TASK REQUIREMENTS:
Among the records, find the lines that hold the string "Commit" and return them.
(EXERCISE MATERIALS)
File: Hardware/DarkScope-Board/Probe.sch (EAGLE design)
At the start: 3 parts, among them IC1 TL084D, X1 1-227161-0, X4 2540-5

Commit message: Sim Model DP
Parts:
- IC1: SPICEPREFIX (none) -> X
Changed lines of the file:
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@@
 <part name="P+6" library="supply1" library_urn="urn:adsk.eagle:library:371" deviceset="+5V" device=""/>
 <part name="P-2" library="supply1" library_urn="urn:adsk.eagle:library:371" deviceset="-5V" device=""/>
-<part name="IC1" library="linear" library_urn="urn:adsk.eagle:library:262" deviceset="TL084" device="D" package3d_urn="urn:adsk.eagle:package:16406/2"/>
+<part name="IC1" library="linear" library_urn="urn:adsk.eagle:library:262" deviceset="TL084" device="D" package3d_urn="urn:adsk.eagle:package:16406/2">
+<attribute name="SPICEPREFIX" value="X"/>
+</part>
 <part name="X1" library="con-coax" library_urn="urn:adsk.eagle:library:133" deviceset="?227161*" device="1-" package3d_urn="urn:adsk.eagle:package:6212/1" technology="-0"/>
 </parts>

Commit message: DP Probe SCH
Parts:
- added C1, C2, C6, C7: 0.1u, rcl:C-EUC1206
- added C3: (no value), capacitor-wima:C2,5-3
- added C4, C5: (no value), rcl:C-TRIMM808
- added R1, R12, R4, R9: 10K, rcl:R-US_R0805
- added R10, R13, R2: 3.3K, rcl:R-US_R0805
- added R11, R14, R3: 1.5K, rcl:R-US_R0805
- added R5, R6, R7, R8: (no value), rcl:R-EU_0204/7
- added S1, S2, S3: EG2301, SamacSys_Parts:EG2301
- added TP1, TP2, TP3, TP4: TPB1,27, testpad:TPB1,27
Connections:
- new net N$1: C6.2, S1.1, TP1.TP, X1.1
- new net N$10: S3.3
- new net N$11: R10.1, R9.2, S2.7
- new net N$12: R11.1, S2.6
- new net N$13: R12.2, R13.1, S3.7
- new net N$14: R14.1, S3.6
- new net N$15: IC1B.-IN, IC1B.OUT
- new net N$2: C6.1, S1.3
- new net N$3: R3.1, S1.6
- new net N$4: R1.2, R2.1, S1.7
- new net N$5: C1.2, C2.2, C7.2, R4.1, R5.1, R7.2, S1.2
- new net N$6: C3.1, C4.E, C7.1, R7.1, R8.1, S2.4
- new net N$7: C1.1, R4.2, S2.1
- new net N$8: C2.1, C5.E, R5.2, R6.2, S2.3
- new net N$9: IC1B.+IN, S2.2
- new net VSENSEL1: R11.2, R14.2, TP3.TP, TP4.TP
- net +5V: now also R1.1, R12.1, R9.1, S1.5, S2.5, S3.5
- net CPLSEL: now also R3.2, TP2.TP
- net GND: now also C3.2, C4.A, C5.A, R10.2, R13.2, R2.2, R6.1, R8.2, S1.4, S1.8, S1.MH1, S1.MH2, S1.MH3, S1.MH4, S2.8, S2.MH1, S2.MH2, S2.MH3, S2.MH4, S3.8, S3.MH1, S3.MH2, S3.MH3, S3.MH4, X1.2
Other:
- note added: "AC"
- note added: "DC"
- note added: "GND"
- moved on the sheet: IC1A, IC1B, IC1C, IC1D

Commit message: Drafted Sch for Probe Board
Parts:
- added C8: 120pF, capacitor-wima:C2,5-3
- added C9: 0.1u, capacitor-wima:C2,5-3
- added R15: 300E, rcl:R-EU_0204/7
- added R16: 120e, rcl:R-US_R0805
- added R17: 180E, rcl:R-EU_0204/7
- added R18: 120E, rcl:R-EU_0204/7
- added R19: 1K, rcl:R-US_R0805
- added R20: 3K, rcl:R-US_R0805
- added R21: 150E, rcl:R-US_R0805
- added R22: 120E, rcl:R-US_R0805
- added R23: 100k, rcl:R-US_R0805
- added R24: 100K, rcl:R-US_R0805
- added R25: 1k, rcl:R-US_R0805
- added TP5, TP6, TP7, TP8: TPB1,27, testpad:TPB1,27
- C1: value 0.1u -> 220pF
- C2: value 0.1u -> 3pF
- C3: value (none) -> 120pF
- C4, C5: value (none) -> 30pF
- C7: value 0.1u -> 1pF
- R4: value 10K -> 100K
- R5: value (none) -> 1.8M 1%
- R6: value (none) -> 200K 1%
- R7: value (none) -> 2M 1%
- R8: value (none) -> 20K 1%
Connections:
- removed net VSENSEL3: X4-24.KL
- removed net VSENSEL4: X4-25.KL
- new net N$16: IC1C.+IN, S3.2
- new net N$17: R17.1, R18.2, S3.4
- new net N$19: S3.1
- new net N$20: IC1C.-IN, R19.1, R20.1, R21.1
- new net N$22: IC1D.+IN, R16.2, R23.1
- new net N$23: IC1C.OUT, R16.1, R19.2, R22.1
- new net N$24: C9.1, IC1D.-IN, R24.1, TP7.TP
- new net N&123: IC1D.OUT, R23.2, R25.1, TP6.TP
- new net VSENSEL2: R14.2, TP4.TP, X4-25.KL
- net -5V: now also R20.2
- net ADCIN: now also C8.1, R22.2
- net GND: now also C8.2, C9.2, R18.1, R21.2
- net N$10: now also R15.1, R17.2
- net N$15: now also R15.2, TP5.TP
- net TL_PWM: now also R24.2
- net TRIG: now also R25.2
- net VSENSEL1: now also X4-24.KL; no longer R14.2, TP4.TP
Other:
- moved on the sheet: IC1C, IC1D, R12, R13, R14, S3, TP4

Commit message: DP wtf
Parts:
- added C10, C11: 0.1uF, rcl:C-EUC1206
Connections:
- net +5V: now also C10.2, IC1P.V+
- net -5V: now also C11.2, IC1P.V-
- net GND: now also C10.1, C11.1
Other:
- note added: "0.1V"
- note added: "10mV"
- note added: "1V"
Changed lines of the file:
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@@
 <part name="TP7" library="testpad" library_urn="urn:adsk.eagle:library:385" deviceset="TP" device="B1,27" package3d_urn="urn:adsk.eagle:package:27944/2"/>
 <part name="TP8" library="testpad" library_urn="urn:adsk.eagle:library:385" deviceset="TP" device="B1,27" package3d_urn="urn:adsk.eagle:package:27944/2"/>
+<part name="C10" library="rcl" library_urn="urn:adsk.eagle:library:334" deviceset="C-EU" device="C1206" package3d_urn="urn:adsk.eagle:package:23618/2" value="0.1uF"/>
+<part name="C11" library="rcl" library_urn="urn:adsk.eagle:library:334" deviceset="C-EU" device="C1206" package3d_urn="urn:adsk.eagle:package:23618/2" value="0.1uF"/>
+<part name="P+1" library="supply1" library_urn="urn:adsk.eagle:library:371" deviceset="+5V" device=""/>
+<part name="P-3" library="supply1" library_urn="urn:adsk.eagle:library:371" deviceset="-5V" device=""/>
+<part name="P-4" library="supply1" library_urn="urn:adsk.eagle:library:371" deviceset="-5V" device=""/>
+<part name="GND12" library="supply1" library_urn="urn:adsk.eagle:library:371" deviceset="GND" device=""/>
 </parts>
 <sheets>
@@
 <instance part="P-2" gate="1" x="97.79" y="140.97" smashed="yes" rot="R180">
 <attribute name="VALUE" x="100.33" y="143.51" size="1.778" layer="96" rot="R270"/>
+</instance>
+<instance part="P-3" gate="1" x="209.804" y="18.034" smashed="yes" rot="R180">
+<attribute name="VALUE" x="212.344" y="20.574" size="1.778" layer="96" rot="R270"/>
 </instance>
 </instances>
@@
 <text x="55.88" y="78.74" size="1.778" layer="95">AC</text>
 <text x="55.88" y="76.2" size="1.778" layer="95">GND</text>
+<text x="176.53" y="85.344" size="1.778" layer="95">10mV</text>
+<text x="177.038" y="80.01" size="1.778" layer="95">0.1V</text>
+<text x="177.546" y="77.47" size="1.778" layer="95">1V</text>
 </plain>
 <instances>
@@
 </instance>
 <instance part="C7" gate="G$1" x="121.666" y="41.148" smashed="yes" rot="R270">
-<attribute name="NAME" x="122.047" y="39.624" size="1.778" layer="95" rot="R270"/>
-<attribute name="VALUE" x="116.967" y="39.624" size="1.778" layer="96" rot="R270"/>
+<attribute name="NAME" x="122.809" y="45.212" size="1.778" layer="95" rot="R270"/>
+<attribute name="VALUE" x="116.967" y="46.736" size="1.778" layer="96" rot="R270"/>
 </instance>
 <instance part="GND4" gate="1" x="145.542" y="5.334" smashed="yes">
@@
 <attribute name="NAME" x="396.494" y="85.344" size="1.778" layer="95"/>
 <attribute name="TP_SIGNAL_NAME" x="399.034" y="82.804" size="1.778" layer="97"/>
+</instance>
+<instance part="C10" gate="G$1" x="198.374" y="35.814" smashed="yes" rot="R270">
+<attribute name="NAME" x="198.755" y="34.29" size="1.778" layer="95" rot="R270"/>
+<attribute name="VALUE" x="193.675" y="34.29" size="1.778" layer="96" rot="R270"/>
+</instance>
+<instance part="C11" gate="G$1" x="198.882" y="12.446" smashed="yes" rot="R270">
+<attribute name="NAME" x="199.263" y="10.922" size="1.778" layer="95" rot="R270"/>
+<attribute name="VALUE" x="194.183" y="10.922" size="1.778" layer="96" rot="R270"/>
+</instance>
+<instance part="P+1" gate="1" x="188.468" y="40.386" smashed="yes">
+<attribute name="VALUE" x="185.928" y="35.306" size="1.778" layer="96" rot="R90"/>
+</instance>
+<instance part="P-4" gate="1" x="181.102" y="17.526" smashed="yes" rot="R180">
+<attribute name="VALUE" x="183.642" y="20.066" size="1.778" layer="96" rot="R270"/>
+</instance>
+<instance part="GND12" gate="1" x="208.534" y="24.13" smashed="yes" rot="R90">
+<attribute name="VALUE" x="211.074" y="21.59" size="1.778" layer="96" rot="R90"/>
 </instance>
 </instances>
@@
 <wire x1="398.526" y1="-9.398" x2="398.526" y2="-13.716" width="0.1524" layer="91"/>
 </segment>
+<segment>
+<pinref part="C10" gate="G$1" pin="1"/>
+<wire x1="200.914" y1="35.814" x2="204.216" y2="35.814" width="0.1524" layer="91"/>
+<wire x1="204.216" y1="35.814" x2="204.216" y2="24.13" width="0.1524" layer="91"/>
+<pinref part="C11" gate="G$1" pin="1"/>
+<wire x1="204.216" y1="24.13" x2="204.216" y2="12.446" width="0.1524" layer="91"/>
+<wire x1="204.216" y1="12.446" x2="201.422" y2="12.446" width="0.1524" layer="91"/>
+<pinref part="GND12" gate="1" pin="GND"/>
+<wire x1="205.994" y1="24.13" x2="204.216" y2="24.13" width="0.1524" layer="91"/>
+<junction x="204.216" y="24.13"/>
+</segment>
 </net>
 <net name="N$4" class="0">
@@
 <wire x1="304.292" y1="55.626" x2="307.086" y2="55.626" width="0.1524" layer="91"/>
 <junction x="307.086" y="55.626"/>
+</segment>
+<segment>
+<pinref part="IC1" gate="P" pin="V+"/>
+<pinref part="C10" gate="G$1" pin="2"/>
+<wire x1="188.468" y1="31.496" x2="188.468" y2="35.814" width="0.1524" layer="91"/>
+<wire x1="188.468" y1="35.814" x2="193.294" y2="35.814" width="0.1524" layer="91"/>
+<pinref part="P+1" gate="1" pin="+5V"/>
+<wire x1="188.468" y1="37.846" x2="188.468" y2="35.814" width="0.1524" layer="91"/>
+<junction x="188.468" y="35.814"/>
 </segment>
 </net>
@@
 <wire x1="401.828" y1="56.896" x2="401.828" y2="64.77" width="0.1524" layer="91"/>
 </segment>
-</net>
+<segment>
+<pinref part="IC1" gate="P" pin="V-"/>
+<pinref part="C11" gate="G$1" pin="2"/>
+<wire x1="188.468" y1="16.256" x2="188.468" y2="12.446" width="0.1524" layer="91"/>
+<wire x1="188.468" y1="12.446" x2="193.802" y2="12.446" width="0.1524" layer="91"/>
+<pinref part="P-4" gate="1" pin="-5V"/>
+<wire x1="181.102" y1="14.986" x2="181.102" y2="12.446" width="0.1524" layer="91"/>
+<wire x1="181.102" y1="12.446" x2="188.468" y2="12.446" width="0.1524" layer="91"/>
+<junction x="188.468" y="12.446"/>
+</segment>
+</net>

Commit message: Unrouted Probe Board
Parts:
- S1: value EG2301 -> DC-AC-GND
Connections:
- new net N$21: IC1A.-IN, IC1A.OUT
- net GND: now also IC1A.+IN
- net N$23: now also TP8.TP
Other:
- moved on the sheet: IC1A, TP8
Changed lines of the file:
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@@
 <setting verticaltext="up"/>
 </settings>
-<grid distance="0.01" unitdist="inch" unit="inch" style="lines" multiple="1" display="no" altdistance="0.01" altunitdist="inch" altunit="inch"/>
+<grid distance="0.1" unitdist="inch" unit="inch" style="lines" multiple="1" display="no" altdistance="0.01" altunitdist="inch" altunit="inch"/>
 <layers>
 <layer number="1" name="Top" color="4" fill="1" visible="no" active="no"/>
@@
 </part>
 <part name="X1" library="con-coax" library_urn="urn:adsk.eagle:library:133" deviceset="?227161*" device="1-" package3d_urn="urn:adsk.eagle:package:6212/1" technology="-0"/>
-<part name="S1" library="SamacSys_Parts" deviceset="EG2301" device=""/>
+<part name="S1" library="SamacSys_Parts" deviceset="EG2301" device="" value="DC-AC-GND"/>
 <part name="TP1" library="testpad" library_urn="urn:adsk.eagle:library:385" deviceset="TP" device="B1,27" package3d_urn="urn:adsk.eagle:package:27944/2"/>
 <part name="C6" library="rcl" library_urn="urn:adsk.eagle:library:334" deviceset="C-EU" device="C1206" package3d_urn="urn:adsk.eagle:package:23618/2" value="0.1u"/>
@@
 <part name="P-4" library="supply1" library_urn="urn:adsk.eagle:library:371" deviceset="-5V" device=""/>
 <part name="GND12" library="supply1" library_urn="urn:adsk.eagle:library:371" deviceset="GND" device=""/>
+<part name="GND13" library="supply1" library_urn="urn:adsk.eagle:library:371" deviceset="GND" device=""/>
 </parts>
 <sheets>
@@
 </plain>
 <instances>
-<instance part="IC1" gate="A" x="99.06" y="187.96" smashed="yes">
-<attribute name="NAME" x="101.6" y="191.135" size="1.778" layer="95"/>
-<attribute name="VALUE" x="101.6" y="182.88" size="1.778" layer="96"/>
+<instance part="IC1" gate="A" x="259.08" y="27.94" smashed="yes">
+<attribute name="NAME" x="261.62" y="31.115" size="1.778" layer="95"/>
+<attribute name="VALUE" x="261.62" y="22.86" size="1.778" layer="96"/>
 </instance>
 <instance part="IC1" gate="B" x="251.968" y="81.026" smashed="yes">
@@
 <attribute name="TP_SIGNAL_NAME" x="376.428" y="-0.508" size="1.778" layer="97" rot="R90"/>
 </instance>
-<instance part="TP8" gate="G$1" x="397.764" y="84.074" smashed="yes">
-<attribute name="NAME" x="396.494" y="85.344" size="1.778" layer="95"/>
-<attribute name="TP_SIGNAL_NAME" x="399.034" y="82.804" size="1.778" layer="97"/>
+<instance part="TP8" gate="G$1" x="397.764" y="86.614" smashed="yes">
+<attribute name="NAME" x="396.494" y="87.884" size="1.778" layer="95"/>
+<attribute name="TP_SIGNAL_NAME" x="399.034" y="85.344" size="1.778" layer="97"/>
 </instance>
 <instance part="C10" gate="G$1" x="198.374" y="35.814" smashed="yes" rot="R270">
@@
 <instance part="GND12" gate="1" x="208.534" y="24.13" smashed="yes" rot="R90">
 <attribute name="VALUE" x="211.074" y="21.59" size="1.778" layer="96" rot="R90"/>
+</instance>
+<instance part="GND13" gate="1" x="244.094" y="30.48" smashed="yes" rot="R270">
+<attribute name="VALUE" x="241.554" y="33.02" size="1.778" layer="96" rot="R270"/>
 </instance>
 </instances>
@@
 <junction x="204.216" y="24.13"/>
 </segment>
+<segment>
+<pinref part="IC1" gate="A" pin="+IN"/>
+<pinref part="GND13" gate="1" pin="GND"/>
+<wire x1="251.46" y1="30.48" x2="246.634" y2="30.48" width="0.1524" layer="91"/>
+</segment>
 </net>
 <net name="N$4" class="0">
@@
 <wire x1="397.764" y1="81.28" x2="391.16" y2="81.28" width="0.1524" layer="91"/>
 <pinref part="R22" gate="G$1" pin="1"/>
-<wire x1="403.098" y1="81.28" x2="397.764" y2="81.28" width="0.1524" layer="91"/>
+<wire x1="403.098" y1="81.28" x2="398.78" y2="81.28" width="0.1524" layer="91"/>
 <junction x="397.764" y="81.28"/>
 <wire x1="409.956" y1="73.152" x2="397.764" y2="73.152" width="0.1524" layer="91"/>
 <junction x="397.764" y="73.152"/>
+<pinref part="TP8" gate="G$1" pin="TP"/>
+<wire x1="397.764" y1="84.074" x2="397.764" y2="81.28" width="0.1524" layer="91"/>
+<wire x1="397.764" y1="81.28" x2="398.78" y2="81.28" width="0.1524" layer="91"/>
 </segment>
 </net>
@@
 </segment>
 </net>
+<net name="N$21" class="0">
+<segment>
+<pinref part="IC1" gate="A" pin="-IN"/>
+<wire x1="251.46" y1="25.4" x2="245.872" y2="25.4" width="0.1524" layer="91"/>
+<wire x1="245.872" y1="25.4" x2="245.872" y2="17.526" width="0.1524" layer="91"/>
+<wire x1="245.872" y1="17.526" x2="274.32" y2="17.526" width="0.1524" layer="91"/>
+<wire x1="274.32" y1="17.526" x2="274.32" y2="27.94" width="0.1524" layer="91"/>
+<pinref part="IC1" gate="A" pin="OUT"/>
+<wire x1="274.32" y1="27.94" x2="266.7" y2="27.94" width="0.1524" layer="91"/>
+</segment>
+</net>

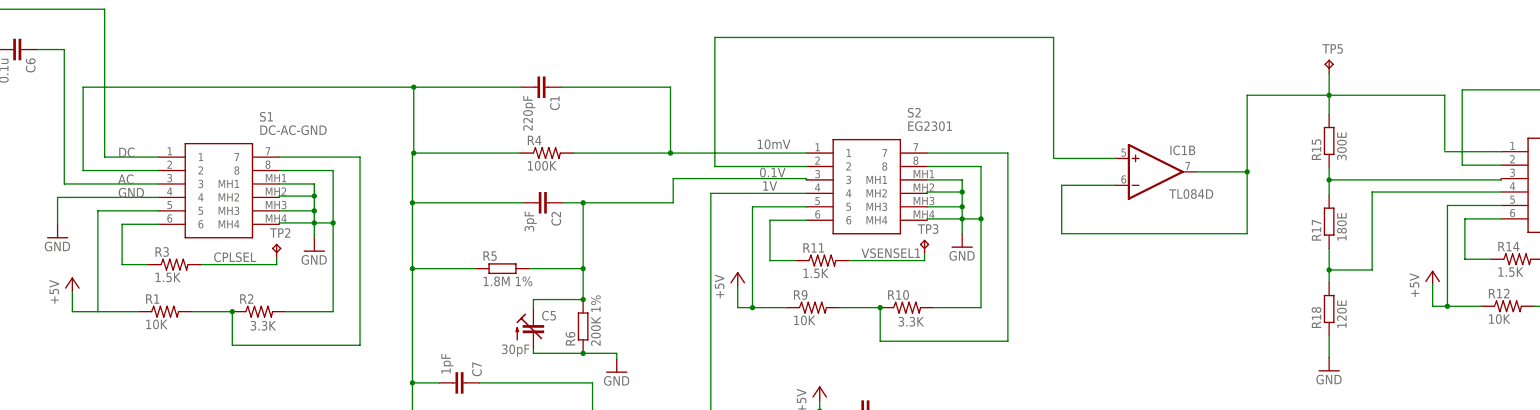
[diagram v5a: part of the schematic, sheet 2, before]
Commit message: Cleared and Fixed Probe Board's ERC Errors
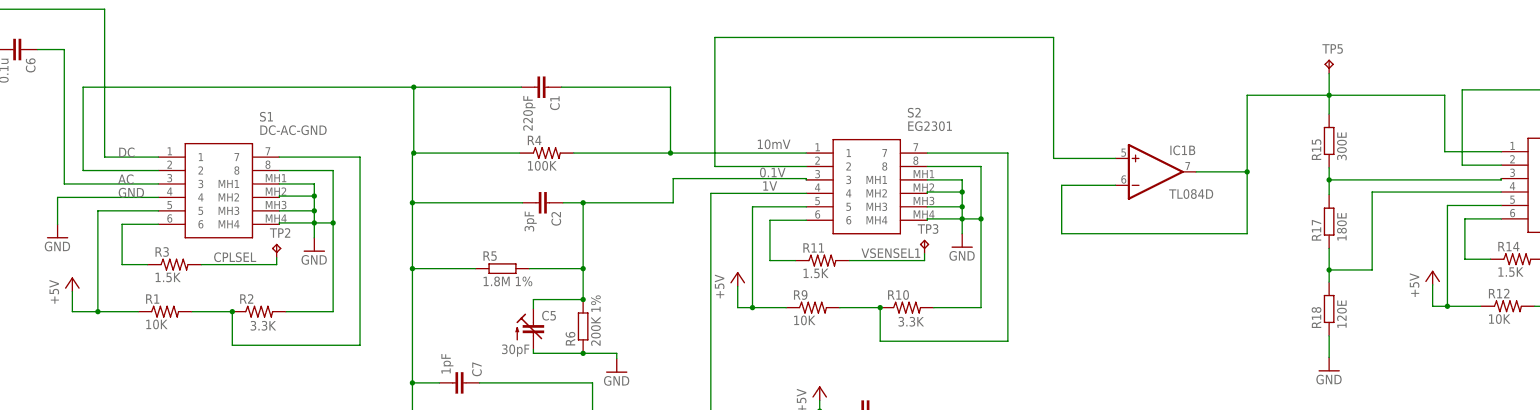
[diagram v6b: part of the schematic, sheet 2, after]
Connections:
- removed net N$15: IC1B.-IN, IC1B.OUT, R15.2, TP5.TP
- removed net N$19: S3.1
- new net N$18: IC1B.-IN, IC1B.OUT, R15.2, S3.1, TP5.TP
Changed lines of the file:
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@@
 <setting verticaltext="up"/>
 </settings>
-<grid distance="0.1" unitdist="inch" unit="inch" style="lines" multiple="1" display="no" altdistance="0.01" altunitdist="inch" altunit="inch"/>
+<grid distance="0.01" unitdist="inch" unit="inch" style="lines" multiple="1" display="no" altdistance="0.01" altunitdist="inch" altunit="inch"/>
 <layers>
 <layer number="1" name="Top" color="4" fill="1" visible="no" active="no"/>
@@
 <wire x1="47.244" y1="58.42" x2="47.244" y2="54.61" width="0.1524" layer="91"/>
 <wire x1="47.244" y1="54.61" x2="52.07" y2="54.61" width="0.1524" layer="91"/>
+<junction x="52.07" y="54.61"/>
 </segment>
 <segment>
@@
 </segment>
 </net>
-<net name="N$15" class="0">
-<segment>
-<pinref part="IC1" gate="B" pin="-IN"/>
-<wire x1="244.348" y1="78.486" x2="234.188" y2="78.486" width="0.1524" layer="91"/>
-<wire x1="234.188" y1="78.486" x2="234.188" y2="69.342" width="0.1524" layer="91"/>
-<wire x1="234.188" y1="69.342" x2="269.24" y2="69.342" width="0.1524" layer="91"/>
-<wire x1="269.24" y1="69.342" x2="269.24" y2="81.026" width="0.1524" layer="91"/>
-<pinref part="IC1" gate="B" pin="OUT"/>
-<wire x1="259.588" y1="81.026" x2="269.24" y2="81.026" width="0.1524" layer="91"/>
-<pinref part="R15" gate="G$1" pin="2"/>
-<pinref part="TP5" gate="G$1" pin="TP"/>
-<wire x1="284.734" y1="99.568" x2="284.734" y2="95.504" width="0.1524" layer="91"/>
-<wire x1="284.734" y1="95.504" x2="284.734" y2="91.948" width="0.1524" layer="91"/>
-<wire x1="269.24" y1="81.026" x2="269.24" y2="95.504" width="0.1524" layer="91"/>
-<wire x1="269.24" y1="95.504" x2="284.734" y2="95.504" width="0.1524" layer="91"/>
-<junction x="269.24" y="81.026"/>
-<junction x="284.734" y="95.504"/>
-</segment>
-</net>
 <net name="N$17" class="0">
 <segment>
@@
 <net name="N$18" class="0">
 <segment>
-<wire x1="285.242" y1="95.504" x2="306.578" y2="95.504" width="0.1524" layer="91"/>
-<wire x1="306.578" y1="95.504" x2="306.578" y2="85.09" width="0.1524" layer="91"/>
-</segment>
-</net>
-<net name="N$19" class="0">
-<segment>
+<wire x1="269.24" y1="95.504" x2="284.734" y2="95.504" width="0.1524" layer="91"/>
+<wire x1="284.734" y1="95.504" x2="306.578" y2="95.504" width="0.1524" layer="91"/>
+<wire x1="306.578" y1="95.504" x2="306.578" y2="84.836" width="0.1524" layer="91"/>
 <pinref part="S3" gate="G$1" pin="1"/>
 <wire x1="306.578" y1="84.836" x2="317.246" y2="84.836" width="0.1524" layer="91"/>
+<pinref part="IC1" gate="B" pin="-IN"/>
+<wire x1="244.348" y1="78.486" x2="234.188" y2="78.486" width="0.1524" layer="91"/>
+<wire x1="234.188" y1="78.486" x2="234.188" y2="69.342" width="0.1524" layer="91"/>
+<wire x1="234.188" y1="69.342" x2="269.24" y2="69.342" width="0.1524" layer="91"/>
+<wire x1="269.24" y1="69.342" x2="269.24" y2="81.026" width="0.1524" layer="91"/>
+<pinref part="IC1" gate="B" pin="OUT"/>
+<wire x1="259.588" y1="81.026" x2="269.24" y2="81.026" width="0.1524" layer="91"/>
+<wire x1="269.24" y1="81.026" x2="269.24" y2="95.504" width="0.1524" layer="91"/>
+<junction x="269.24" y="81.026"/>
+<pinref part="R15" gate="G$1" pin="2"/>
+<pinref part="TP5" gate="G$1" pin="TP"/>
+<wire x1="284.734" y1="99.568" x2="284.734" y2="95.504" width="0.1524" layer="91"/>
+<junction x="284.734" y="95.504"/>
+<wire x1="284.734" y1="95.504" x2="284.734" y2="91.948" width="0.1524" layer="91"/>
 </segment>
 </net>
@@
 </sheet>
 </sheets>
+<errors>
+</errors>
 </schematic>
 </drawing>
(End EXERCISE MATERIALS)
WRITTEN SOLUTION:
Commit message: Sim Model DP
Commit message: DP Probe SCH
Commit message: Drafted Sch for Probe Board
Commit message: DP wtf
Commit message: Unrouted Probe Board
Commit message: Cleared and Fixed Probe Board's ERC Errors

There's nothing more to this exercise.